Discount Effectiveness: Work, but aren't Everything
Customers using discounts spend slightly more ($62 vs $60) and more consistently. While the impact is not huge, promotions do encourage higher spending. This makes discounts useful for attracting price-sensitive shoppers, especially younger customers and women, but they shouldn't be the only strategy for driving sales.
Future Work
A next steps could be to expand the scope beyond Massachusetts by comparing shopping behavior across different U.S. regions (Northeast, South, Midwest, West) to uncover regional differences in spending, seasonal preferences, and discount usage. Second, we could advance the analysis using predictive modeling and machine learning. This will involve using features like demographics, purchase history, and incentive use to build models that can forecast key metrics such as a customer's purchase amount, preferred product category, and likelihood of using a discount for more precise inventory planning and personalized marketing strategies.
What I Learned
This project taught me how important it is to shape a clear story before building visualizations. Although the dataset includes the entire United States, we chose to focus on Massachusetts because there were clearer trends versus looking at the entire country and wanted our analysis to reflect a place we understand personally.
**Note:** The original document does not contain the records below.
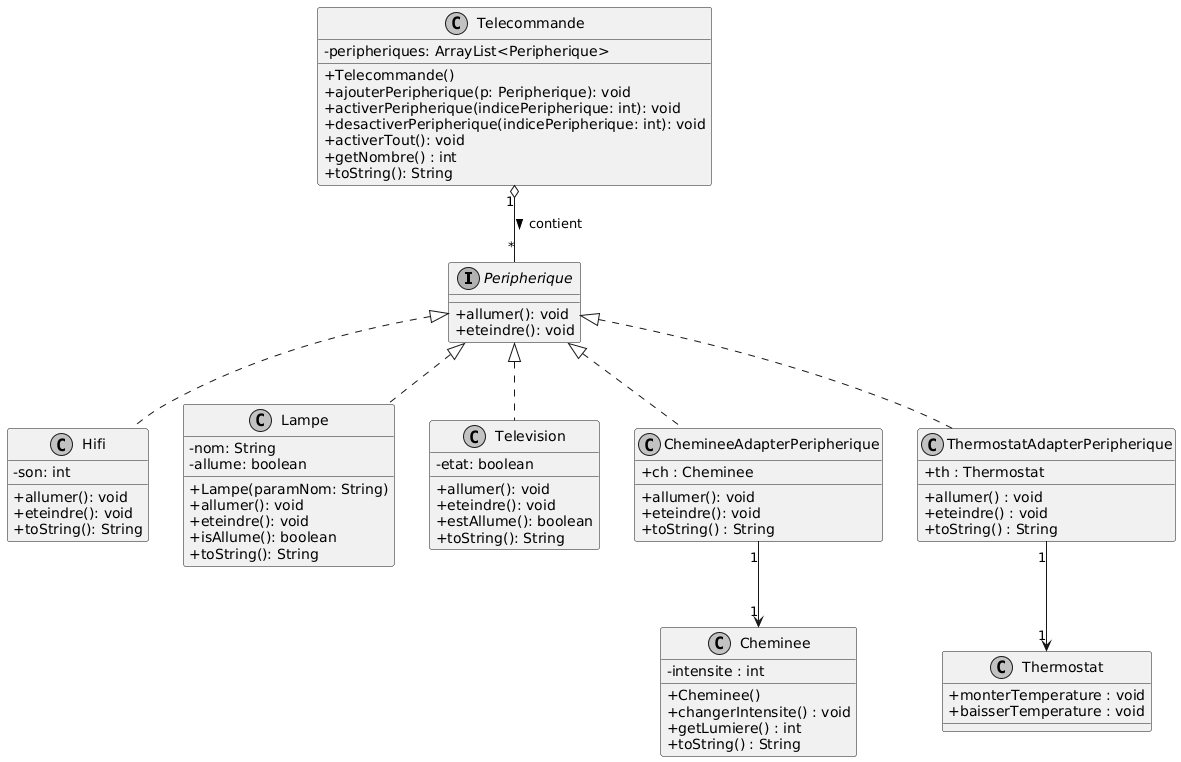

The diagram above was rendered by PlantUML. Its source (embedded in the PNG):
@startuml
skinparam classAttributeIconSize 0
skinparam monochrome true
skinparam shadowing false

interface Peripherique {
    + allumer(): void
    + eteindre(): void
}

class Hifi {
    - son: int
    + allumer(): void
    + eteindre(): void
    + toString(): String
}

class Lampe {
    - nom: String
    - allume: boolean
    + Lampe(paramNom: String)
    + allumer(): void
    + eteindre(): void
    + isAllume(): boolean
    + toString(): String
}

class Television {
    - etat: boolean
    + allumer(): void
    + eteindre(): void
    + estAllume(): boolean
    + toString(): String
}

class Telecommande {
    - peripheriques: ArrayList<Peripherique>
    + Telecommande()
    + ajouterPeripherique(p: Peripherique): void
    + activerPeripherique(indicePeripherique: int): void
    + desactiverPeripherique(indicePeripherique: int): void
    + activerTout(): void
    + getNombre() : int
    + toString(): String
}

class Cheminee{
    - intensite : int
    + Cheminee()
    + changerIntensite() : void
    + getLumiere() : int
    + toString() : String
}

class ChemineeAdapterPeripherique{
    + ch : Cheminee
    + allumer(): void
    + eteindre(): void
    + toString() : String
}

class ThermostatAdapterPeripherique{
    + th : Thermostat
    + allumer() : void
    + eteindre() : void
    + toString() : String 
}

class Thermostat{
    + monterTemperature : void
    + baisserTemperature : void
}

' Relations d'implémentation
Peripherique <|.. Hifi
Peripherique <|.. Lampe
Peripherique <|.. Television
Peripherique <|.. ChemineeAdapterPeripherique
Peripherique <|.. ThermostatAdapterPeripherique

' Relation de composition/agrégation
Telecommande "1" o-- "*" Peripherique : contient >
ChemineeAdapterPeripherique "1" --> "1" Cheminee
ThermostatAdapterPeripherique "1" --> "1" Thermostat
@enduml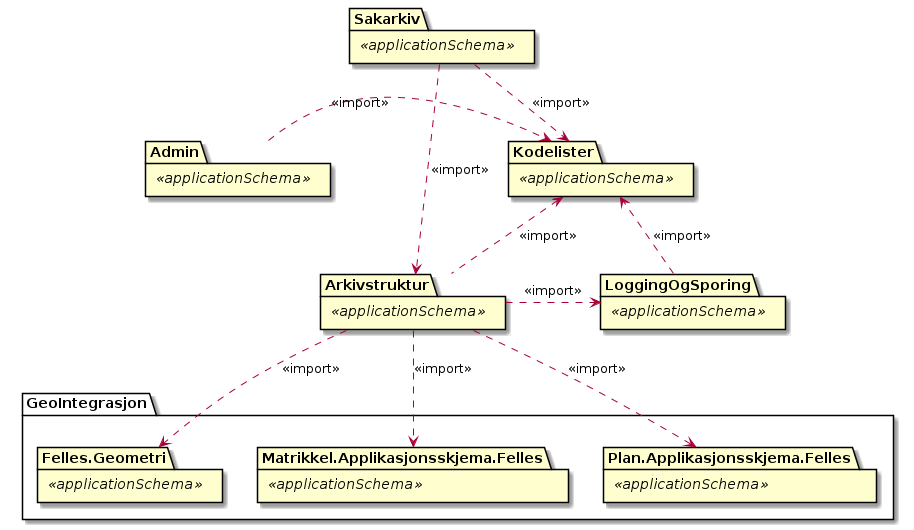

The diagram above was rendered by PlantUML. Its source (embedded in the PNG):
@startuml
package Admin <<applicationSchema>>
package Kodelister <<applicationSchema>>
package Arkivstruktur <<applicationSchema>>
package LoggingOgSporing <<applicationSchema>>
package Sakarkiv <<applicationSchema>>

package GeoIntegrasjon {
  package Felles.Geometri <<applicationSchema>>
  package Matrikkel.Applikasjonsskjema.Felles <<applicationSchema>>
  package Plan.Applikasjonsskjema.Felles <<applicationSchema>>
}

Admin .> Kodelister : <<import>>
Sakarkiv ..> Kodelister : <<import>>
Sakarkiv .> Arkivstruktur : <<import>>
LoggingOgSporing ..> Kodelister : <<import>>
Kodelister <.. Arkivstruktur : <<import>>
Arkivstruktur .> LoggingOgSporing : <<import>>
Arkivstruktur ..> Felles.Geometri : <<import>>
Arkivstruktur ..> Matrikkel.Applikasjonsskjema.Felles : <<import>>
Arkivstruktur ..> Plan.Applikasjonsskjema.Felles : <<import>>
@enduml

In creating the visualizations, I saw how effective Pandas, Altair, and D3 become in organizing the data in a way that supported meaningful visual questions, building clear and polished charts, and adding interactive elements like filters, hover highlights, and sliders. Using all three tools showed me how interactivity can completely change the viewer’s experience, helping identify and letting people explore the data on their own. Overall, I learned that the tools I choose and the design choices I make play a huge role in turning raw information into a story that feels clear, engaging, and easy to understand.